If coalescent==TRUE or if all death rates are zero, and only if as_generations==FALSE, then the tree will be ultrametric. If as_generations==TRUE and coalescent==FALSE, all edges will have unit length.
Numeric, giving the time at which the tree's root was first split during the simulation.
Note that if coalescent==TRUE, this may be later than the first speciation event during the simulation.
Numeric, giving the final time at the end of the simulation. If coalescent==TRUE, then this may be greater than the total time span of the tree (since the root of the coalescent tree need not correspond to the first speciation event).
Numeric, giving the first time where the sign of (death rate - birth rate) changed from the beginning of the simulation, i.e. when speciation/extinction equilibrium was reached. May be infinite if the simulation stopped before reaching this point.
Numeric vector of size Nstates, listing the total number of birth events (speciations) that occurred at each state.

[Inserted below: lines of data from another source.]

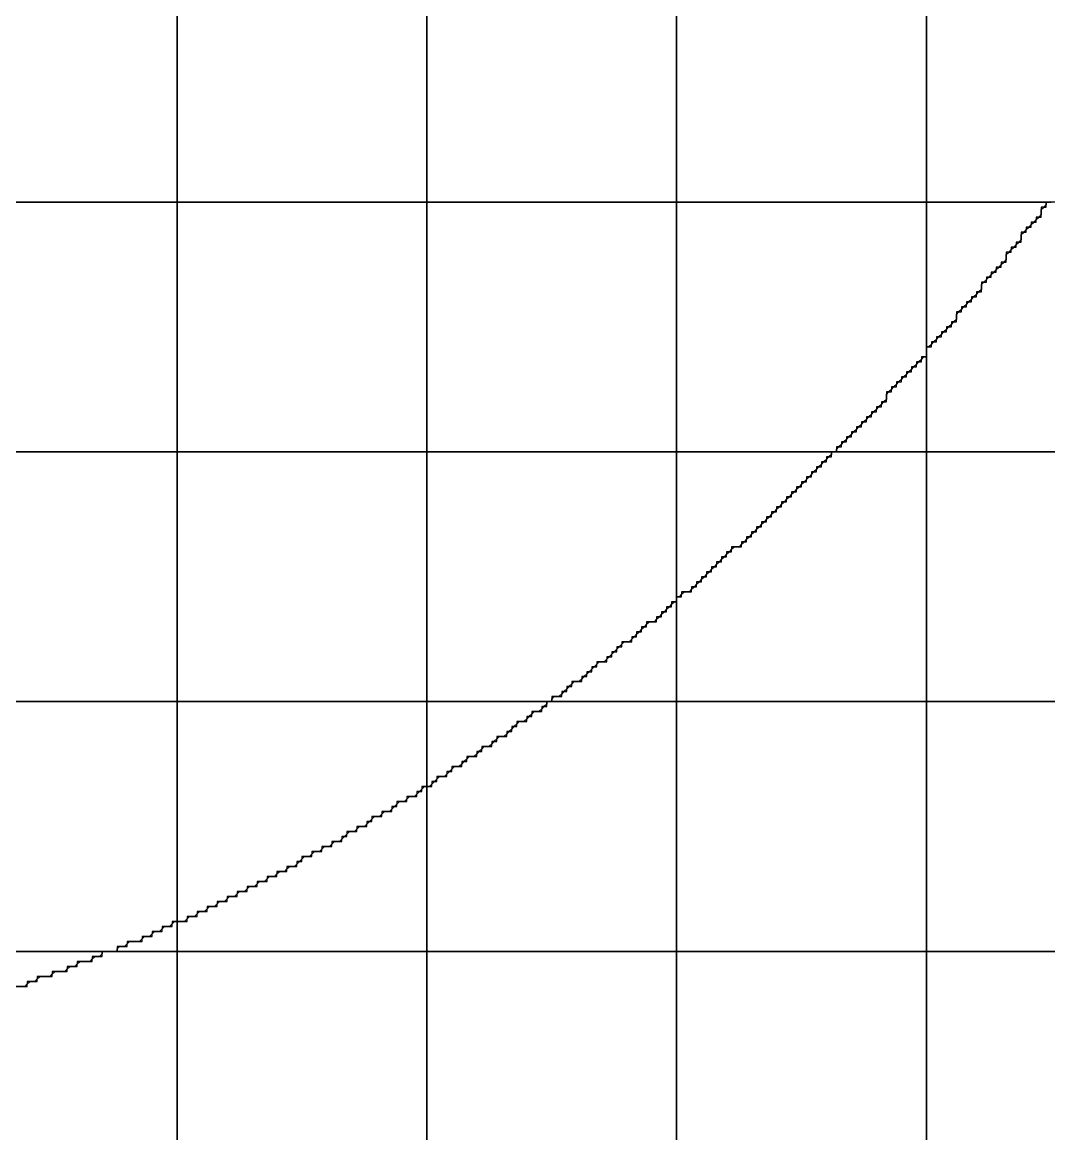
# Model space of a CAD drawing. Header units: metres. Extents: x -2.2 to 1, y -5.2 to 5.1.
# Drawn here: x 0.05 to 0.563, y -4.252 to -3.696 of the extents above; entities that cross this region are included whole.
import ezdxf

# ---------------------------------------------------------------- set-up
doc = ezdxf.new("R2010")
doc.units = ezdxf.units.M

msp = doc.modelspace()

# ---------------------------------------------------------------- linework, layer by layer
at = {"layer": '7', "color": 1}
for points in [[(0.00207, -3.7855, 0), (0.12707, -3.7855, 0), (0.12707, -3.6605, 0), (0.04707, -3.6605, 0)], [(0.12707, -3.7855, 0), (0.25207, -3.7855, 0), (0.25207, -3.6605, 0), (0.12707, -3.6605, 0), (0.12707, -3.7855, 0)], [(0.25207, -3.7855, 0), (0.37707, -3.7855, 0), (0.37707, -3.6605, 0), (0.25207, -3.6605, 0), (0.25207, -3.7855, 0)], [(0.37707, -3.7855, 0), (0.50207, -3.7855, 0), (0.50207, -3.6605, 0), (0.37707, -3.6605, 0), (0.37707, -3.7855, 0)], [(0.50207, -3.6605, 0), (0.50207, -3.7855, 0)], [(0.00207, -3.9105, 0), (0.12707, -3.9105, 0), (0.12707, -3.7855, 0), (0.00207, -3.7855, 0), (0.00207, -3.9105, 0)], [(0.12707, -3.9105, 0), (0.25207, -3.9105, 0), (0.25207, -3.7855, 0), (0.12707, -3.7855, 0), (0.12707, -3.9105, 0)], [(0.25207, -3.9105, 0), (0.37707, -3.9105, 0), (0.37707, -3.7855, 0), (0.25207, -3.7855, 0), (0.25207, -3.9105, 0)], [(0.37707, -3.9105, 0), (0.45707, -3.9105, 0), (0.45707, -3.90925, 0), (0.45832, -3.908, 0), (0.45957, -3.908, 0), (0.45957, -3.90675, 0), (0.46082, -3.9055, 0), (0.46207, -3.9055, 0), (0.46207, -3.90425, 0), (0.46332, -3.903, 0), (0.46457, -3.903, 0), (0.46457, -3.90175, 0), (0.46582, -3.9005, 0), (0.46707, -3.9005, 0), (0.46707, -3.89925, 0), (0.46832, -3.898, 0), (0.46957, -3.898, 0), (0.46957, -3.89675, 0), (0.47082, -3.8955, 0), (0.47207, -3.8955, 0), (0.47207, -3.89425, 0), (0.47332, -3.893, 0), (0.47457, -3.893, 0), (0.47457, -3.89175, 0), (0.47582, -3.8905, 0), (0.47707, -3.8905, 0), (0.47707, -3.88925, 0), (0.47832, -3.888, 0), (0.47957, -3.888, 0), (0.47957, -3.88675, 0), (0.48082, -3.8855, 0), (0.48207, -3.8855, 0), (0.48207, -3.88175, 0), (0.48332, -3.8805, 0), (0.48457, -3.8805, 0), (0.48457, -3.87925, 0), (0.48582, -3.878, 0), (0.48707, -3.878, 0), (0.48707, -3.87675, 0), (0.48832, -3.8755, 0), (0.48957, -3.8755, 0), (0.48957, -3.87425, 0), (0.49082, -3.873, 0), (0.49207, -3.873, 0), (0.49207, -3.87175, 0), (0.49332, -3.8705, 0), (0.49457, -3.8705, 0), (0.49457, -3.86925, 0), (0.49582, -3.868, 0), (0.49707, -3.868, 0), (0.49707, -3.86675, 0), (0.49832, -3.8655, 0), (0.49957, -3.8655, 0), (0.49957, -3.86425, 0), (0.50082, -3.863, 0), (0.50207, -3.863, 0), (0.50207, -3.7855, 0), (0.37707, -3.7855, 0), (0.37707, -3.9105, 0)], [(0.50207, -3.858, 0), (0.50457, -3.858, 0), (0.50457, -3.85675, 0), (0.50582, -3.8555, 0), (0.50707, -3.8555, 0), (0.50707, -3.85425, 0), (0.50832, -3.853, 0), (0.50957, -3.853, 0), (0.50957, -3.85175, 0), (0.51082, -3.8505, 0), (0.51207, -3.8505, 0), (0.51207, -3.84925, 0), (0.51332, -3.848, 0), (0.51457, -3.848, 0), (0.51457, -3.84675, 0), (0.51582, -3.8455, 0), (0.51707, -3.8455, 0), (0.51707, -3.84175, 0), (0.51832, -3.8405, 0), (0.51957, -3.8405, 0), (0.51957, -3.83925, 0), (0.52082, -3.838, 0), (0.52207, -3.838, 0), (0.52207, -3.83675, 0), (0.52332, -3.8355, 0), (0.52457, -3.8355, 0), (0.52457, -3.83425, 0), (0.52582, -3.833, 0), (0.52707, -3.833, 0), (0.52707, -3.83175, 0), (0.52832, -3.8305, 0), (0.52957, -3.8305, 0), (0.52957, -3.82675, 0), (0.53082, -3.8255, 0), (0.53207, -3.8255, 0), (0.53207, -3.82425, 0), (0.53332, -3.823, 0), (0.53457, -3.823, 0), (0.53457, -3.82175, 0), (0.53582, -3.8205, 0), (0.53707, -3.8205, 0), (0.53707, -3.81925, 0), (0.53832, -3.818, 0), (0.53957, -3.818, 0), (0.53957, -3.81675, 0), (0.54082, -3.8155, 0), (0.54207, -3.8155, 0), (0.54207, -3.81175, 0), (0.54332, -3.8105, 0), (0.54457, -3.8105, 0), (0.54457, -3.80925, 0), (0.54582, -3.808, 0), (0.54707, -3.808, 0), (0.54707, -3.80675, 0), (0.54832, -3.8055, 0), (0.54957, -3.8055, 0), (0.54957, -3.80175, 0), (0.55082, -3.8005, 0), (0.55207, -3.8005, 0), (0.55207, -3.79925, 0), (0.55332, -3.798, 0), (0.55457, -3.798, 0), (0.55457, -3.79675, 0), (0.55582, -3.7955, 0), (0.55707, -3.7955, 0), (0.55707, -3.79425, 0), (0.55832, -3.793, 0), (0.55957, -3.793, 0), (0.55957, -3.78925, 0), (0.56082, -3.788, 0), (0.56207, -3.788, 0), (0.56207, -3.7855, 0), (0.50207, -3.7855, 0), (0.50207, -3.858, 0)], [(0.50207, -3.7855, 0), (0.56457, -3.7855, 0)], [(0.00207, -4.0355, 0), (0.12707, -4.0355, 0), (0.12707, -3.9105, 0), (0.00207, -3.9105, 0), (0.00207, -4.0355, 0)], [(0.12707, -4.0355, 0), (0.25207, -4.0355, 0), (0.25207, -3.9105, 0), (0.12707, -3.9105, 0), (0.12707, -4.0355, 0)], [(0.25207, -4.0355, 0), (0.31457, -4.0355, 0), (0.31457, -4.03425, 0), (0.31582, -4.033, 0), (0.31957, -4.033, 0), (0.31957, -4.03175, 0), (0.32082, -4.0305, 0), (0.32207, -4.0305, 0), (0.32207, -4.02925, 0), (0.32332, -4.028, 0), (0.32457, -4.028, 0), (0.32457, -4.02675, 0), (0.32582, -4.0255, 0), (0.32957, -4.0255, 0), (0.32957, -4.02425, 0), (0.33082, -4.023, 0), (0.33207, -4.023, 0), (0.33207, -4.02175, 0), (0.33332, -4.0205, 0), (0.33457, -4.0205, 0), (0.33457, -4.01925, 0), (0.33582, -4.018, 0), (0.33707, -4.018, 0), (0.33707, -4.01675, 0), (0.33832, -4.0155, 0), (0.34207, -4.0155, 0), (0.34207, -4.01425, 0), (0.34332, -4.013, 0), (0.34457, -4.013, 0), (0.34457, -4.01175, 0), (0.34582, -4.0105, 0), (0.34707, -4.0105, 0), (0.34707, -4.00925, 0), (0.34832, -4.008, 0), (0.34957, -4.008, 0), (0.34957, -4.00675, 0), (0.35082, -4.0055, 0), (0.35457, -4.0055, 0), (0.35457, -4.00425, 0), (0.35582, -4.003, 0), (0.35707, -4.003, 0), (0.35707, -4.00175, 0), (0.35832, -4.0005, 0), (0.35957, -4.0005, 0), (0.35957, -3.99925, 0), (0.36082, -3.998, 0), (0.36207, -3.998, 0), (0.36207, -3.99675, 0), (0.36332, -3.9955, 0), (0.36707, -3.9955, 0), (0.36707, -3.99425, 0), (0.36832, -3.993, 0), (0.36957, -3.993, 0), (0.36957, -3.99175, 0), (0.37082, -3.9905, 0), (0.37207, -3.9905, 0), (0.37207, -3.98925, 0), (0.37332, -3.988, 0), (0.37457, -3.988, 0), (0.37457, -3.98675, 0), (0.37582, -3.9855, 0), (0.37707, -3.9855, 0), (0.37707, -3.9105, 0), (0.25207, -3.9105, 0), (0.25207, -4.0355, 0)], [(0.37707, -3.983, 0), (0.37957, -3.983, 0), (0.37957, -3.98175, 0), (0.38082, -3.9805, 0), (0.38457, -3.9805, 0), (0.38457, -3.97925, 0), (0.38582, -3.978, 0), (0.38707, -3.978, 0), (0.38707, -3.97675, 0), (0.38832, -3.9755, 0), (0.38957, -3.9755, 0), (0.38957, -3.97425, 0), (0.39082, -3.973, 0), (0.39207, -3.973, 0), (0.39207, -3.97175, 0), (0.39332, -3.9705, 0), (0.39457, -3.9705, 0), (0.39457, -3.96925, 0), (0.39582, -3.968, 0), (0.39707, -3.968, 0), (0.39707, -3.96675, 0), (0.39832, -3.9655, 0), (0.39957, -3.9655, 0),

The sum of all entries in Nbirths may be lower than the total number of tips in the tree if death rates were non-zero and coalescent==TRUE, or if Nsplits>2.
Numeric vector of size Nstates, listing the total number of death events (extinctions) that occurred at each state.
2D numeric matrix of size Nstates x Nstates, listing the total number of anagenetic transition events that occurred between each pair of states. For example, Ntransitions_A[1,2] is the number of anagenetic transitions (i.e., within a species) that occured from state 1 to state 2.
2D numeric matrix of size Nstates x Nstates, listing the total number of cladogenetic transition events that occurred between each pair of states. For example, Ntransitions_C[1,2] is the number of cladogenetic transitions (i.e., from a parent to a child) that occured from state 1 to state 2 during some speciation event. Note that each speciation event will have caused Nsplits transitions, and that the emergence of a child with the same state as the parent is counted as a transition between the same state (diagonal entries in Ntransitions_C).
Integer vector of size Ntips and with values in 1,..,Nstates, listing the state of each tip in the tree.
Integer vector of size Nnodes and with values in 1,..,Nstates, listing the state of each node in the tree.
Integer vector of size Ntips and with values in 1,..,NPstates, listing the proxy state of each tip in the tree. Only included in the case of HiSSE models.
Integer vector of size Nnodes and with values in 1,..,NPstates, listing the proxy state of each node in the tree. Only included in the case of HiSSE models.
Integer, specifying the state of the first lineage (either provided during the function call, or generated randomly).
Numeric vector, listing the times of speciation events during tree growth, in order of occurrence. Note that if coalescent==TRUE, then speciation_times may be greater than the phylogenetic distance to the coalescent root.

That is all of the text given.